Once a device or process is developed and tested, it should go through a series of initial clinical tests and later a full clinical trial. While the NIH is to be commended for their innovation R21 Early Phase Clinical Trial grant mechanism, it sits alone. There is a step where technology meets medicine, where engineers work with surgeons not on the idea but on the implementation; where graduate students work with nurses and other OR staff to integrate the process into the work flow. We all know of cases where a technique or system has potentially great value to healthcare but whose value was dampened by complexity of implementation. Having time and support to clean up that middle step will improve healthcare. If a process is not easy to integrate into applications, it won’t be used. We won’t deliver the value that we claimed with the research and development.

Finally, to get these devices to wide spread corporate involvement we need knowledgeable, bold corporate leadership. Without EMI’s willingness to gamble on CT we might not have it now. Where is that leadership? If a company is going to call itself a “medical” company then it must place improved health care delivery at the top of its priorities. This requires a method for bringing new ideas to market.

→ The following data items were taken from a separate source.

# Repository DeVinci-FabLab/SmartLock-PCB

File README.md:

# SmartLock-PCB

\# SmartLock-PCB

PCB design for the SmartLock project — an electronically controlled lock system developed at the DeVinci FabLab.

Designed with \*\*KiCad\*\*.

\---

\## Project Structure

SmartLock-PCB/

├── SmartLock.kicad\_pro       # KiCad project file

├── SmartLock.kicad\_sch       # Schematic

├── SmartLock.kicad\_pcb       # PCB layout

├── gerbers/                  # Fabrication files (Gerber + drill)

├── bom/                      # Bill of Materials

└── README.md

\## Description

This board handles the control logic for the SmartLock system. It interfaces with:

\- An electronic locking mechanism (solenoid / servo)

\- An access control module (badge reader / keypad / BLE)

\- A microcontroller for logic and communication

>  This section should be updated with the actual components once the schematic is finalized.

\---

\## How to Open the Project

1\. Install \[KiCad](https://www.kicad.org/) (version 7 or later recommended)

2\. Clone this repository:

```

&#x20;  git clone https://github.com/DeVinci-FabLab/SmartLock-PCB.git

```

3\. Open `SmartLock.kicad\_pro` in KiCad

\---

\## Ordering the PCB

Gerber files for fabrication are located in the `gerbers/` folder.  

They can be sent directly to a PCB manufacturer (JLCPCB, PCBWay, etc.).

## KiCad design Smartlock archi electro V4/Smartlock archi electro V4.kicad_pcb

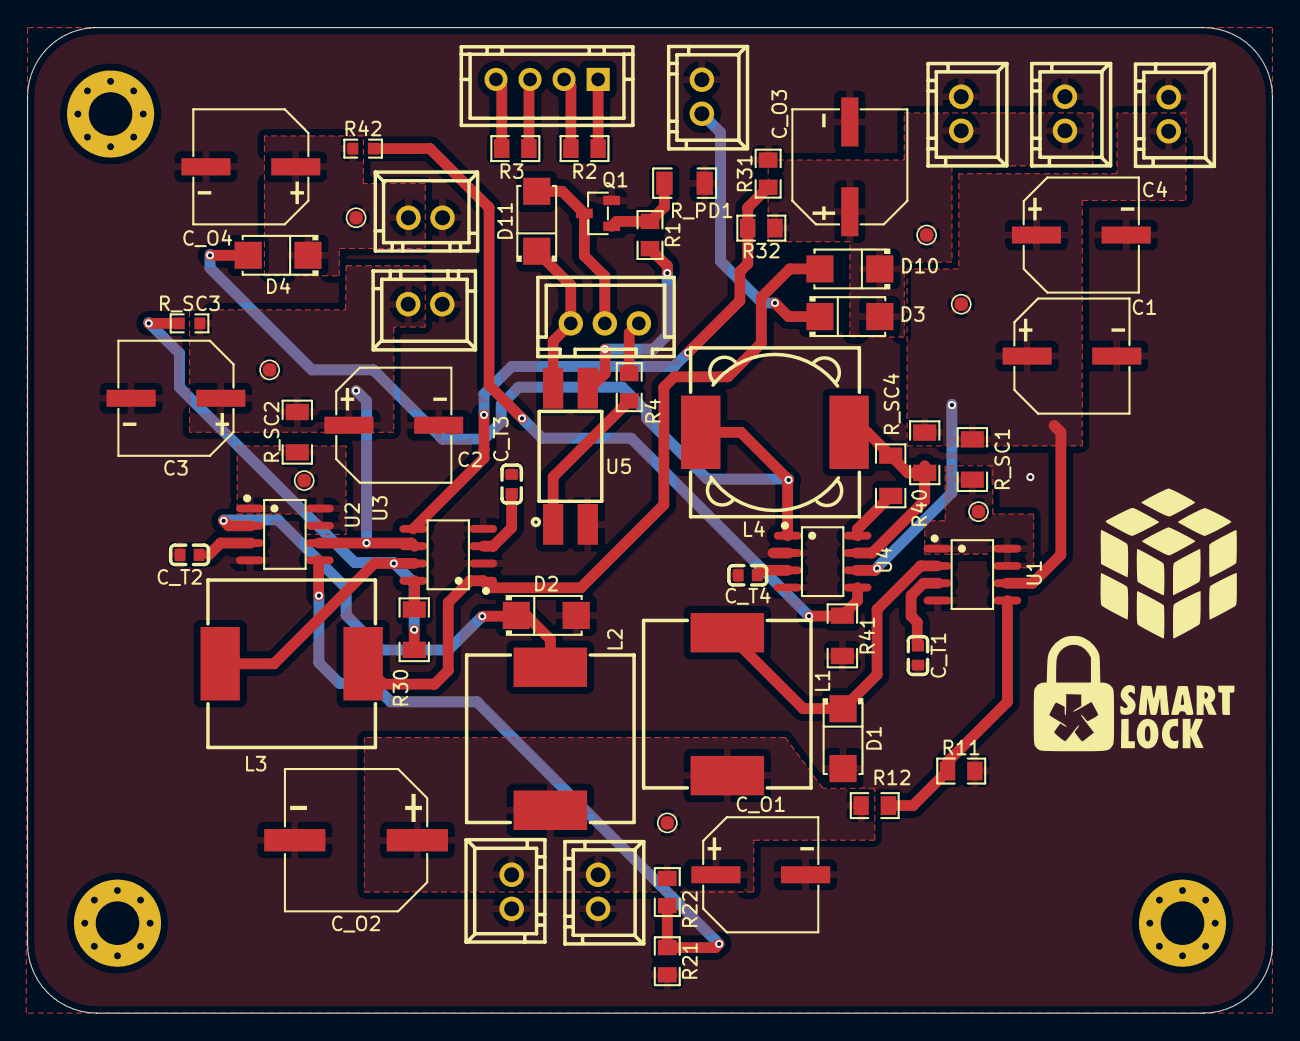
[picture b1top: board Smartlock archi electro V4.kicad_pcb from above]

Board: 2 copper layers, 91.4 x 72.4 mm, 57 parts (0 on the bottom side), 35 nets.

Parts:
C1, C2, C3, C4: C_Polarized; CAP-SMD_BD8.0-L8.3-W8.3-LS9.1-FD
C_O1, C_O3, C_O4: C_Polarized; CAP-SMD_BD8.0-L8.3-W8.3-LS9.1-FD
C_O2: C_Polarized; CAP-SMD_BD10.0-L10.3-W10.3-LS11.3-FD
C_T1, C_T2, C_T3, C_T4: C; C0603
D1, D2, D3, D4, D10, D11: 1N5822; SMA_L4.3-W2.6-LS5.2-RD
L1: L1; IND-SMD_L12.3-W12.3_SMDRI127
L2: L2; IND-SMD_L12.3-W12.3_SMDRI127
L3: L3; IND-SMD_L12.3-W12.3_SMDRI127
L4: L4; IND-SMD_L12.3-W12.3
Q1: Q_NMOS_GSD; SOT-23-3_L2.9-W1.3-P1.90-LS2.4-BR
R1, R2, R3, R4, R11, R12, R21, R22, R31, R32: R; R0805
R30: R30; R1206
R40: R40; R1206
R41: R; R1206
R42: R; R0603
R_PD1: R; R1206
R_SC1, R_SC2, R_SC4: R; R1206
R_SC3: R; R0603
U1: Regulator 12V-5V; SOIC-8_L4.9-W3.9-P1.27-LS6.0-BL
U2: Regulator 11.1V-5V; SOIC-8_L4.9-W3.9-P1.27-LS6.0-BL
U3: Regulator 11.1V-12V; SOIC-8_L4.9-W3.9-P1.27-LS6.0-BL
U4: Regulator 12V-12.6V; SOIC-8_L4.9-W3.9-P1.27-LS6.0-BL
U5: LTV-817; OPTO-SMD-4_L4.6-W6.5-P2.54-LS10.3-BL
U?: CONN-TH_XH-2A
U?#2, U?#3, U?#4, U?#5, U?#6, U?#7, U?#10: CONN-TH_XH-2A
U?#8: CONN-TH_4P-P2.50_XH-4A
U?#9: CONN-TH_XH-3A

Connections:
/Carte_puissance/Regulateur 1 12V-5V/Net-(U1-DC): R_SC1.1, U1.1 (SwC), U1.7 (Ipk), U1.8 (DC)
/Carte_puissance/V_in 12V: C1.1, C4.1, R_SC1.2, R_SC4.2, U1.6 (Vin), U4.6 (Vin), U?#4.2
/Carte_puissance/V_out 5V: C_O1.1, C_O2.1, L1.2, L2.2, R12.1, R22.1, U?#3.1, U?#5.2
/Carte_puissance/V_out 12V: C_O3.1, D3.1 (K), D10.2 (A), R32.1, U?#7.2, U?#10.2
GND: C1.2, C2.2, C3.2, C4.2, C_O1.2, C_O2.2, C_O3.2, C_O4.2, C_T1.2, C_T2.2, C_T3.2, C_T4.2, D1.2 (A), D2.2 (A), Q1.2 (S), R11.2, R21.2, R31.2, R41.2, R_PD1.2, U1.4 (GND), U2.4 (GND), U3.2 (SwE), U3.4 (GND), U4.2 (SwE), U4.4 (GND), U5.2, U?.1, U?#2.1, U?#3.2, U?#4.1, U?#5.1, U?#6.2, U?#7.1, U?#10.1
unnamed: D1.1 (K), L1.1, U1.2 (SwE)
unnamed: D2.1 (K), L2.1, U2.2 (SwE)
unnamed: D3.2 (A), L3.2, U3.1 (SwC)
unnamed: D4.2 (A), L4.2, U4.1 (SwC)
unnamed: D10.1 (K), U?.2
unnamed: D11.2 (A), Q1.3 (D), U?#9.2
unnamed: D11.1 (K), U5.4, U?#9.1
unnamed: R2.1, U?#8.1
unnamed: R3.1, U?#8.3
unnamed: Q1.1 (G), R1.1, R_PD1.1
unnamed: R1.2, U5.3
unnamed: R4.1, U5.1
unnamed: C_T1.1, U1.3 (TC)
unnamed: R11.1, R12.2, U1.5 (Vfb)
unnamed: R_SC2.1, U2.1 (SwC), U2.7 (Ipk), U2.8 (DC)
unnamed: C_T2.1, U2.3 (TC)
unnamed: R21.1, R22.2, U2.5 (Vfb)
unnamed: R30.2, U3.8 (DC)
unnamed: L3.1, R30.1, R_SC3.1, U3.7 (Ipk)
unnamed: C_T3.1, U3.3 (TC)
unnamed: R31.1, R32.2, U3.5 (Vfb)
unnamed: R40.2, U4.8 (DC)
unnamed: L4.1, R40.1, R_SC4.1, U4.7 (Ipk)
unnamed: C_T4.1, U4.3 (TC)
unnamed: R41.1, R42.2, U4.5 (Vfb)
unnamed: R2.2, U?#8.2
unnamed: R3.2, U?#8.4
unnamed: R4.2, U?#9.3
V11.1: C2.1, C3.1, R_SC2.2, R_SC3.2, U2.6 (Vin), U3.6 (Vin), U?#2.2
V12.6: C_O4.1, D4.1 (K), R42.1, U?#6.1

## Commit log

2026-06-06 docs: add minimal README
2026-06-06 add kicad files

Often as academics we place motivation as being the advancement one algorithm over another, or the design of a novel device that wins a federal grant monies. In reality, our competition is the treatment and prevention of disease. If we sit in our ivory towers tweaking an algorithm so we get one more paper; or in our corporate board rooms more concerned with finding a new application for a suboptimal existing device than getting the best possible device to patients then we have lost. If we say “medical” then we need to be prepared to learn, to think, to fight, to deliver our ideas not just to the journals but to the patients.